I entered the job with no mentor, thus leaving me to sink or swim. Over the five years that I was there, the school was able to attract really good teachers but, that was at a high cost: the principal would tell the young, white teachers she hired that they needed to take the job because “they can’t teach themselves”.

I believe students knew little of what was going on with the adults at the school, they simply endured our emotional roller coasters. I lost both my grandmother and my father while I was there and also separated from my husband. Parental involvement was high and that was important in that school that fought for its survival on a yearly basis. The school has since merged with another all Black Catholic school in the city.

I remember getting both my first home and classroom computer while there. This was the mid 90s so concerns of networking online weren’t issues. In fact, it wasn’t during my next teaching job either. Honestly, I don’t know how I would have managed Tweeting or Instagraming or FBing with students. Now, even with adults I managed two separate FB pages so I imagine I’d have a separate page for student contact but I see it existing more for classroom use than for personal connections. I believe in boundaries.

With these and many other services providing access to information, there’s still so much we don’t know about our schools. I think most parents want to trust that schools exist to educate their children and are doing the best they can in that regard, leaving them one less worry. Unfortunately, education like anything else in this country is a business. While most schools do not exist to make a profit, there are businesses such as textbook companies (who publish standardized tests and literacy/reading/math materials), consultants and program packagers (anything from anti drug programs to after school care) that profit off our children. The new STEAM initiative? Yes, it’s a great way to excite young people in science and math, but it’s also becoming an industry.

And schools are, too. More and more big money is being poured not only into the periphery of education, but into education itself. While it may sound like a good thing to have more funding available to schools, it’s really providing those with agendas to have access to our children and it’s diluting our children’s care away from the democratic process. Be wary because all that glitters isn’t gold.

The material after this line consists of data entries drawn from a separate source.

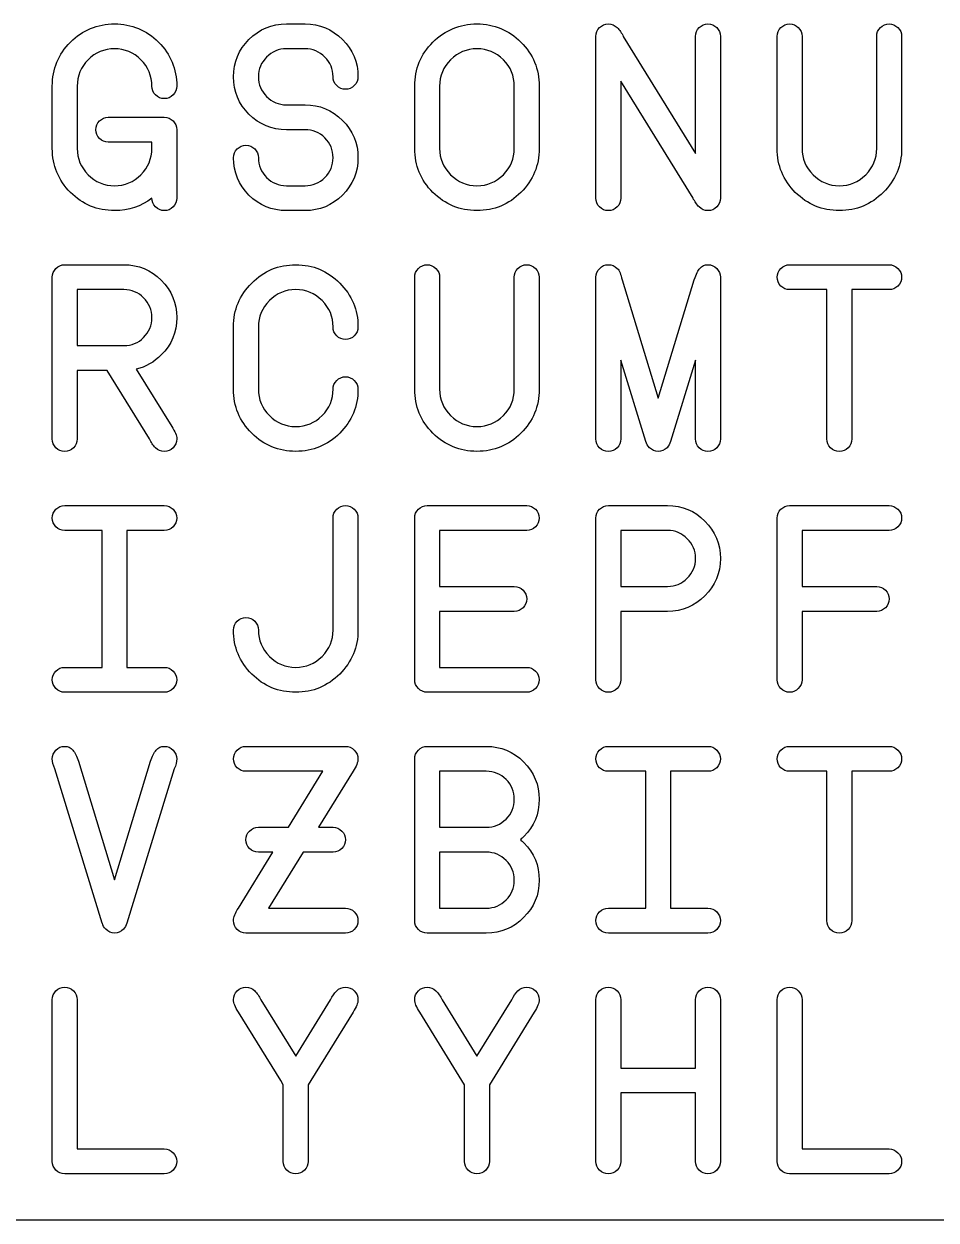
# Model space of a CAD drawing. Extents: x 0.3 to 81.7, y -40.7 to 31.5.
# Drawn here: x 60.33 to 71.02, y 2.86 to 16.88 of the extents above; entities that cross this region are included whole.
import ezdxf

# ---------------------------------------------------------------- set-up
doc = ezdxf.new("R2010")
doc.units = 0
doc.layers.add('Layer_1', color=7, linetype='CONTINUOUS')

msp = doc.modelspace()

# ---------------------------------------------------------------- linework, layer by layer
at = {"layer": 'Layer_1', "color": 7}
for p, q in [((63.409213, 16.876918), (63.627975, 16.876918)), ((67.284243, 16.833165), (67.284243, 16.833165)), ((67.03631, 14.835125), (67.03631, 16.731077)), ((67.357163, 16.731077), (68.203051, 15.358698)), ((68.203051, 15.358698), (68.203051, 16.731077)), ((68.494736, 16.731077), (68.494736, 14.835125)), ((69.159779, 15.418495), (69.159779, 16.731077)), ((69.451461, 16.731077), (69.451461, 15.418495)), ((70.326516, 15.418495), (70.326516, 16.731077)), ((70.618202, 16.731077), (70.618202, 15.418495)), ((63.627975, 16.585233), (63.409213, 16.585233)), ((60.665917, 15.418495), (60.665917, 16.147707)), ((60.957602, 16.147707), (60.957602, 15.418495)), ((64.247805, 16.257088), (64.247805, 16.257088)), ((64.912845, 15.418495), (64.912845, 16.147707)), ((65.20453, 16.147707), (65.20453, 15.418495)), ((66.079583, 15.418495), (66.079583, 16.147707)), ((66.371268, 16.147707), (66.371268, 15.418495)), ((68.173881, 14.835125), (67.327996, 16.207501)), ((67.327996, 16.207501), (67.327996, 14.835125)), ((63.409213, 15.928942), (63.627975, 15.928942)), ((61.322208, 15.783101), (61.978499, 15.783101)), ((62.12434, 15.637257), (62.12434, 14.835125)), ((63.627975, 15.637257), (63.409213, 15.637257)), ((61.832655, 15.491416), (61.322208, 15.491416)), ((61.832655, 15.418495), (61.832655, 15.491416)), ((63.409213, 14.980966), (63.627975, 14.980966)), ((63.627975, 14.689284), (63.409213, 14.689284)), ((60.811755, 14.054343), (61.504507, 14.054343)), ((69.305617, 14.054343), (70.472358, 14.054343)), ((60.665914, 12.01255), (60.665914, 13.908502)), ((64.912848, 12.59592), (64.912848, 13.908502)), ((65.20453, 13.908502), (65.20453, 12.59592)), ((66.079586, 12.59592), (66.079586, 13.908502)), ((66.371271, 13.908502), (66.371271, 12.59592)), ((67.036313, 12.01255), (67.036313, 13.908502)), ((67.342584, 13.879331), (67.765528, 12.490914)), ((67.765528, 12.490914), (68.188469, 13.879331)), ((68.494716, 13.908502), (68.494716, 12.01255)), ((68.494739, 13.908502), (68.494716, 13.908502)), ((61.504507, 13.762658), (60.957599, 13.762658)), ((60.957599, 13.762658), (60.957599, 13.106367)), ((61.504507, 13.762658), (61.504507, 13.762658)), ((69.743143, 13.762658), (69.305617, 13.762658)), ((69.743143, 12.01255), (69.743143, 13.762658)), ((70.034828, 13.762658), (70.034828, 12.01255)), ((70.472358, 13.762658), (70.034828, 13.762658)), ((62.78938, 12.59592), (62.78938, 13.325132)), ((63.081065, 13.325132), (63.081065, 12.59592)), ((60.957599, 13.106367), (61.504507, 13.106367)), ((67.619684, 11.983382), (67.327998, 12.935733)), ((67.327998, 12.935733), (67.327998, 12.01255)), ((68.203031, 12.935733), (67.911346, 11.983382)), ((68.203031, 12.01255), (68.203031, 12.935733)), ((61.30762, 12.814682), (60.957599, 12.814682)), ((60.957599, 12.814682), (60.957599, 12.01255)), ((61.803484, 12.01255), (61.30762, 12.814682)), ((61.650351, 12.830726), (62.066002, 12.158391)), ((63.95612, 12.59592), (63.95612, 12.59592)), ((67.62259, 11.983382), (67.619684, 11.983382)), ((67.911346, 11.983382), (67.908439, 11.983382)), ((60.811758, 11.231768), (61.978496, 11.231768)), ((65.058692, 11.231768), (66.22543, 11.231768)), ((67.182152, 11.231768), (67.874906, 11.231768)), ((69.30562, 11.231768), (70.472358, 11.231768)), ((63.95612, 9.773344), (63.95612, 11.085926)), ((64.247805, 11.085926), (64.247805, 9.773344)), ((64.912848, 9.189975), (64.912848, 11.085926)), ((67.03631, 9.189975), (67.03631, 11.085926)), ((69.159776, 9.189975), (69.159776, 11.085926)), ((61.249285, 10.940083), (60.811758, 10.940083)), ((61.249285, 9.335817), (61.249285, 10.940083)), ((61.978496, 10.940083), (61.54097, 10.940083)), ((61.54097, 10.940083), (61.54097, 9.335817)), ((66.22543, 10.940083), (65.204533, 10.940083)), ((65.204533, 10.940083), (65.204533, 10.283792)), ((67.874906, 10.940083), (67.327996, 10.940083)), ((67.327996, 10.940083), (67.327996, 10.283792)), ((67.874906, 10.940083), (67.874906, 10.940083)), ((70.472358, 10.940083), (69.451461, 10.940083)), ((69.451461, 10.940083), (69.451461, 10.283792)), ((65.204533, 10.283792), (66.079588, 10.283792)), ((67.327996, 10.283792), (67.874906, 10.283792)), ((69.451461, 10.283792), (70.326516, 10.283792)), ((66.079588, 9.992108), (65.204533, 9.992108)), ((65.204533, 9.992108), (65.204533, 9.335817)), ((67.874906, 9.992108), (67.327996, 9.992108)), ((67.327996, 9.992108), (67.327996, 9.189975)), ((67.874906, 9.992108), (67.874906, 9.992108)), ((70.326516, 9.992108), (69.451461, 9.992108)), ((69.451461, 9.992108), (69.451461, 9.189975)), ((62.789383, 9.773344), (62.789383, 9.773344)), ((60.811758, 9.335817), (61.249285, 9.335817)), ((61.54097, 9.335817), (61.978496, 9.335817)), ((65.204533, 9.335817), (66.22543, 9.335817)), ((61.978496, 9.044132), (60.811758, 9.044132)), ((66.22543, 9.044132), (65.058692, 9.044132)), ((62.935224, 8.409193), (64.101961, 8.409193)), ((65.058689, 8.409193), (65.75144, 8.409193)), ((67.182152, 8.409193), (68.348889, 8.409193)), ((69.305617, 8.409193), (70.472358, 8.409193)), ((61.249285, 6.338231), (60.695085, 8.146676)), ((60.972185, 8.234182), (61.395129, 6.845763)), ((61.395129, 6.845763), (61.818072, 8.234182)), ((62.095172, 8.146676), (61.54097, 6.338231)), ((64.912845, 6.3674), (64.912845, 8.263351)), ((63.836529, 8.117508), (62.935224, 8.117508)), ((63.432544, 7.461217), (63.836529, 8.117508)), ((64.189467, 8.117508), (63.785483, 7.461217)), ((65.75144, 8.117508), (65.20453, 8.117508)), ((65.20453, 8.117508), (65.20453, 7.461217)), ((65.75144, 8.117508), (65.75144, 8.117508)), ((67.619678, 8.117508), (67.182152, 8.117508)), ((67.619678, 6.513242), (67.619678, 8.117508)), ((68.348889, 8.117508), (67.911363, 8.117508)), ((67.911363, 8.117508), (67.911363, 6.513242)), ((69.743143, 8.117508), (69.305617, 8.117508)), ((69.743143, 6.3674), (69.743143, 8.117508)), ((70.034828, 8.117508), (70.034828, 6.3674)), ((70.472358, 8.117508), (70.034828, 8.117508)), ((63.081065, 7.461217), (63.432544, 7.461217)), ((63.785483, 7.461217), (63.95612, 7.461217)), ((65.20453, 7.461217), (65.75144, 7.461217)), ((62.847718, 6.513242), (63.251699, 7.169533)), ((63.251699, 7.169533), (63.081065, 7.169533)), ((63.604638, 7.169533), (63.200656, 6.513242)), ((63.95612, 7.169533), (63.604638, 7.169533)), ((65.75144, 7.169533), (65.20453, 7.169533)), ((65.20453, 7.169533), (65.20453, 6.513242)), ((65.75144, 7.169533), (65.75144, 7.169533)), ((63.200656, 6.513242), (64.101961, 6.513242)), ((65.20453, 6.513242), (65.75144, 6.513242)), ((67.182152, 6.513242), (67.619678, 6.513242)), ((67.911363, 6.513242), (68.348889, 6.513242)), ((61.252191, 6.338231), (61.249285, 6.338231)), ((61.54097, 6.338231), (61.538063, 6.338231)), ((61.395137, 6.221557), (61.395117, 6.221557)), ((64.101961, 6.221557), (62.935224, 6.221557)), ((65.75144, 6.221557), (65.058689, 6.221557)), ((65.75144, 6.221557), (65.75144, 6.221557)), ((68.348889, 6.221557), (67.182152, 6.221557)), ((60.665917, 3.544825), (60.665917, 5.440776)), ((60.957602, 5.440776), (60.957602, 3.690667)), ((60.957602, 5.440776), (60.957602, 5.440776)), ((63.110232, 5.440776), (63.518591, 4.778651)), ((63.518591, 4.778651), (63.92695, 5.440776)), ((65.233698, 5.440776), (65.642057, 4.778651)), ((65.642057, 4.778651), (66.050415, 5.440776)), ((67.036313, 3.544825), (67.036313, 5.440776)), ((67.327996, 5.440776), (67.327996, 4.638642)), ((68.203051, 4.638642), (68.203051, 5.440776)), ((68.494736, 5.440776), (68.494736, 3.544825)), ((69.159773, 3.544825), (69.159773, 5.440776)), ((69.451458, 5.440776), (69.451458, 3.690667)), ((69.451458, 5.440776), (69.451458, 5.440776)), ((63.342123, 4.4928), (62.847715, 5.294933)), ((64.189467, 5.294933), (63.695059, 4.4928)), ((65.465589, 4.4928), (64.971183, 5.294933)), ((66.312933, 5.294933), (65.818527, 4.4928)), ((67.327996, 4.638642), (68.203051, 4.638642)), ((63.37275, 4.443214), (63.342123, 4.4928)), ((63.695059, 4.4928), (63.664432, 4.443214)), ((65.496215, 4.443214), (65.465589, 4.4928)), ((65.818527, 4.4928), (65.7879, 4.443214)), ((63.37275, 3.544825), (63.37275, 4.443214)), ((63.664432, 4.443214), (63.664432, 3.544825)), ((65.496215, 3.544825), (65.496215, 4.443214)), ((65.7879, 4.443214), (65.7879, 3.544825)), ((68.203051, 4.346958), (67.327996, 4.346958)), ((67.327996, 4.346958), (67.327996, 3.544825)), ((68.203051, 3.544825), (68.203051, 4.346958)), ((60.957602, 3.690667), (61.978499, 3.690667)), ((69.451458, 3.690667), (70.472355, 3.690667)), ((61.978499, 3.398982), (60.811758, 3.398982)), ((70.472355, 3.398982), (69.305617, 3.398982)), ((81.710386, 2.8575), (2.8575, 2.8575))]:
    msp.add_line(p, q, dxfattribs=at)
for points in [[(60.878845, 16.662531), (61.021772, 16.805456), (61.193866, 16.876918), (61.395129, 16.876918)], [(61.395129, 16.876918), (61.596391, 16.876918), (61.767999, 16.805456), (61.909953, 16.662531)], [(62.970228, 16.694614), (63.091762, 16.81615), (63.23809, 16.876918), (63.409213, 16.876918)], [(63.627975, 16.876918), (63.799097, 16.876918), (63.94494, 16.81615), (64.065504, 16.694614)], [(65.125773, 16.662531), (65.2687, 16.805456), (65.440794, 16.876918), (65.642057, 16.876918)], [(65.642057, 16.876918), (65.843319, 16.876918), (66.014927, 16.805456), (66.156881, 16.662531)], [(67.03631, 16.731077), (67.03631, 16.77094), (67.050408, 16.804969), (67.078604, 16.833165)], [(67.078604, 16.833165), (67.107773, 16.862334), (67.14229, 16.876918), (67.182154, 16.876918)], [(67.182154, 16.876918), (67.222017, 16.876918), (67.256047, 16.862334), (67.284243, 16.833165)], [(67.284243, 16.833165), (67.313411, 16.804969), (67.337718, 16.77094), (67.357163, 16.731077)], [(68.203051, 16.731077), (68.203051, 16.77094), (68.217149, 16.804969), (68.245345, 16.833165)], [(68.245345, 16.833165), (68.274513, 16.862334), (68.309029, 16.876918), (68.348892, 16.876918)], [(68.348892, 16.876918), (68.388755, 16.876918), (68.422785, 16.862334), (68.450983, 16.833165)], [(68.450983, 16.833165), (68.480152, 16.804969), (68.494736, 16.77094), (68.494736, 16.731077)], [(69.159779, 16.731077), (69.159779, 16.77094), (69.173877, 16.804969), (69.202073, 16.833165)], [(69.202073, 16.833165), (69.231241, 16.862334), (69.265757, 16.876918), (69.30562, 16.876918)], [(69.30562, 16.876918), (69.345483, 16.876918), (69.379513, 16.862334), (69.407711, 16.833165)], [(69.407711, 16.833165), (69.436878, 16.804969), (69.451461, 16.77094), (69.451461, 16.731077)], [(70.326516, 16.731077), (70.326516, 16.77094), (70.340614, 16.804969), (70.36881, 16.833165)], [(70.36881, 16.833165), (70.397979, 16.862334), (70.432495, 16.876918), (70.472358, 16.876918)], [(70.472358, 16.876918), (70.512222, 16.876918), (70.546253, 16.862334), (70.574449, 16.833165)], [(70.574449, 16.833165), (70.603617, 16.804969), (70.618202, 16.77094), (70.618202, 16.731077)], [(62.789383, 16.257088), (62.789383, 16.42821), (62.849664, 16.574052), (62.970228, 16.694614)], [(64.065504, 16.694614), (64.187038, 16.574052), (64.247805, 16.42821), (64.247805, 16.257088)], [(60.665917, 16.147707), (60.665917, 16.348969), (60.736893, 16.520577), (60.878845, 16.662531)], [(61.395129, 16.585233), (61.274565, 16.585233), (61.171503, 16.542453), (61.085943, 16.456892)], [(61.704314, 16.456892), (61.618754, 16.542453), (61.515692, 16.585233), (61.395129, 16.585233)], [(61.909953, 16.662531), (62.052878, 16.520577), (62.12434, 16.348969), (62.12434, 16.147707)], [(63.409213, 16.585233), (63.318791, 16.585233), (63.241494, 16.553148), (63.177322, 16.488978)], [(63.859866, 16.488978), (63.795696, 16.553148), (63.718399, 16.585233), (63.627975, 16.585233)], [(64.912845, 16.147707), (64.912845, 16.348969), (64.983821, 16.520577), (65.125773, 16.662531)], [(65.642057, 16.585233), (65.521493, 16.585233), (65.418431, 16.542453), (65.332871, 16.456892)], [(65.951242, 16.456892), (65.865682, 16.542453), (65.76262, 16.585233), (65.642057, 16.585233)], [(66.156881, 16.662531), (66.299805, 16.520577), (66.371268, 16.348969), (66.371268, 16.147707)], [(61.085943, 16.456892), (61.000382, 16.371332), (60.957602, 16.26827), (60.957602, 16.147707)], [(61.832655, 16.147707), (61.832655, 16.26827), (61.789875, 16.371332), (61.704314, 16.456892)], [(63.177322, 16.488978), (63.113153, 16.424807), (63.081068, 16.34751), (63.081068, 16.257088)], [(63.95612, 16.257088), (63.95612, 16.34751), (63.924035, 16.424807), (63.859866, 16.488978)], [(65.332871, 16.456892), (65.24731, 16.371332), (65.20453, 16.26827), (65.20453, 16.147707)], [(66.079583, 16.147707), (66.079583, 16.26827), (66.036803, 16.371332), (65.951242, 16.456892)], [(61.874949, 16.044159), (61.846753, 16.073328), (61.832655, 16.107844), (61.832655, 16.147707)], [(62.12434, 16.147707), (62.12434, 16.107844), (62.109756, 16.073328), (62.080587, 16.044159)], [(62.970228, 15.818102), (62.849664, 15.939638), (62.789383, 16.085967), (62.789383, 16.257088)], [(63.081068, 16.257088), (63.081068, 16.166665), (63.113153, 16.089369), (63.177322, 16.0252)], [(63.998417, 16.15354), (63.970219, 16.182709), (63.95612, 16.217225), (63.95612, 16.257088)], [(64.101964, 16.111246), (64.062101, 16.111246), (64.027585, 16.125344), (63.998417, 16.15354)], [(64.204052, 16.15354), (64.175857, 16.125344), (64.141827, 16.111246), (64.101964, 16.111246)], [(64.247805, 16.257088), (64.247805, 16.217225), (64.233221, 16.182709), (64.204052, 16.15354)], [(61.978499, 16.001863), (61.938634, 16.001863), (61.904117, 16.015962), (61.874949, 16.044159)], [(62.080587, 16.044159), (62.052391, 16.015962), (62.018362, 16.001863), (61.978499, 16.001863)], [(63.177322, 16.0252), (63.241494, 15.961028), (63.318791, 15.928942), (63.409213, 15.928942)], [(63.627975, 15.928942), (63.799097, 15.928942), (63.94494, 15.868175), (64.065504, 15.746641)], [(61.176364, 15.637257), (61.176364, 15.677122), (61.190462, 15.711152), (61.218658, 15.739348)], [(61.218658, 15.739348), (61.247826, 15.768517), (61.282343, 15.783101), (61.322208, 15.783101)], [(61.978499, 15.783101), (62.018362, 15.783101), (62.052391, 15.768517), (62.080587, 15.739348)], [(62.080587, 15.739348), (62.109756, 15.711152), (62.12434, 15.677122), (62.12434, 15.637257)], [(63.409213, 15.637257), (63.23809, 15.637257), (63.091762, 15.697539), (62.970228, 15.818102)], [(64.065504, 15.746641), (64.187038, 15.626077), (64.247805, 15.480234), (64.247805, 15.309112)], [(61.218658, 15.53371), (61.190462, 15.562878), (61.176364, 15.597394), (61.176364, 15.637257)], [(63.859866, 15.541002), (63.795696, 15.605172), (63.718399, 15.637257), (63.627975, 15.637257)], [(61.322208, 15.491416), (61.282343, 15.491416), (61.247826, 15.505514), (61.218658, 15.53371)], [(62.831676, 15.411203), (62.860845, 15.440371), (62.895361, 15.454956), (62.935224, 15.454956)], [(62.935224, 15.454956), (62.975088, 15.454956), (63.009119, 15.440371), (63.037315, 15.411203)], [(63.95612, 15.309112), (63.95612, 15.399534), (63.924035, 15.476831), (63.859866, 15.541002)], [(60.878845, 14.902212), (60.736893, 15.045137), (60.665917, 15.217231), (60.665917, 15.418495)], [(60.957602, 15.418495), (60.957602, 15.297932), (61.000382, 15.19487), (61.085943, 15.10931)], [(61.704314, 15.10931), (61.789875, 15.19487), (61.832655, 15.297932), (61.832655, 15.418495)], [(62.789383, 15.309112), (62.789383, 15.348976), (62.80348, 15.383007), (62.831676, 15.411203)], [(62.970228, 14.870126), (62.849664, 14.991662), (62.789383, 15.137991), (62.789383, 15.309112)], [(63.037315, 15.411203), (63.066483, 15.383007), (63.081068, 15.348976), (63.081068, 15.309112)], [(63.081068, 15.309112), (63.081068, 15.218689), (63.113153, 15.141393), (63.177322, 15.077224)], [(63.859866, 15.077224), (63.924035, 15.141393), (63.95612, 15.218689), (63.95612, 15.309112)], [(64.247805, 15.309112), (64.247805, 15.137991), (64.187038, 14.991662), (64.065504, 14.870126)], [(65.125773, 14.902212), (64.983821, 15.045137), (64.912845, 15.217231), (64.912845, 15.418495)], [(65.20453, 15.418495), (65.20453, 15.297932), (65.24731, 15.19487), (65.332871, 15.10931)], [(65.951242, 15.10931), (66.036803, 15.19487), (66.079583, 15.297932), (66.079583, 15.418495)], [(66.371268, 15.418495), (66.371268, 15.217231), (66.299805, 15.045137), (66.156881, 14.902212)], [(69.372707, 14.902212), (69.230755, 15.045137), (69.159779, 15.217231), (69.159779, 15.418495)], [(69.451461, 15.418495), (69.451461, 15.297932), (69.494242, 15.19487), (69.579804, 15.10931)], [(70.198176, 15.10931), (70.283736, 15.19487), (70.326516, 15.297932), (70.326516, 15.418495)], [(70.618202, 15.418495), (70.618202, 15.217231), (70.546739, 15.045137), (70.403814, 14.902212)], [(61.085943, 15.10931), (61.171503, 15.023747), (61.274565, 14.980966), (61.395129, 14.980966)], [(61.395129, 14.980966), (61.515692, 14.980966), (61.618754, 15.023747), (61.704314, 15.10931)], [(63.177322, 15.077224), (63.241494, 15.013052), (63.318791, 14.980966), (63.409213, 14.980966)], [(63.627975, 14.980966), (63.718399, 14.980966), (63.795696, 15.013052), (63.859866, 15.077224)], [(65.332871, 15.10931), (65.418431, 15.023747), (65.521493, 14.980966), (65.642057, 14.980966)], [(65.642057, 14.980966), (65.76262, 14.980966), (65.865682, 15.023747), (65.951242, 15.10931)], [(69.579804, 15.10931), (69.665365, 15.023747), (69.768427, 14.980966), (69.88899, 14.980966)], [(69.88899, 14.980966), (70.009554, 14.980966), (70.112615, 15.023747), (70.198176, 15.10931)], [(61.395129, 14.689284), (61.193866, 14.689284), (61.021772, 14.76026), (60.878845, 14.902212)], [(63.409213, 14.689284), (63.23809, 14.689284), (63.091762, 14.749565), (62.970228, 14.870126)], [(64.065504, 14.870126), (63.94494, 14.749565), (63.799097, 14.689284), (63.627975, 14.689284)], [(65.642057, 14.689284), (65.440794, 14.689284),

My student really opened a lot of memories! I suppose those were part of the good ol’ days. Much has changed since then and much continues to, but I think we have to pay attention to these changes and not assume everyone has the best of intentions for our children. Being a teacher was hard then and seeing how few want to do it now, it hasn’t gotten any easier. Teaching can be thankless. It often takes years to hear from students to know that we’ve done something good for them. It’s that individual contact between student and teacher, it’s those moments when an adult lets a child know they matter that are so special. And, I think in those moments teachers are reminded that they matter, too.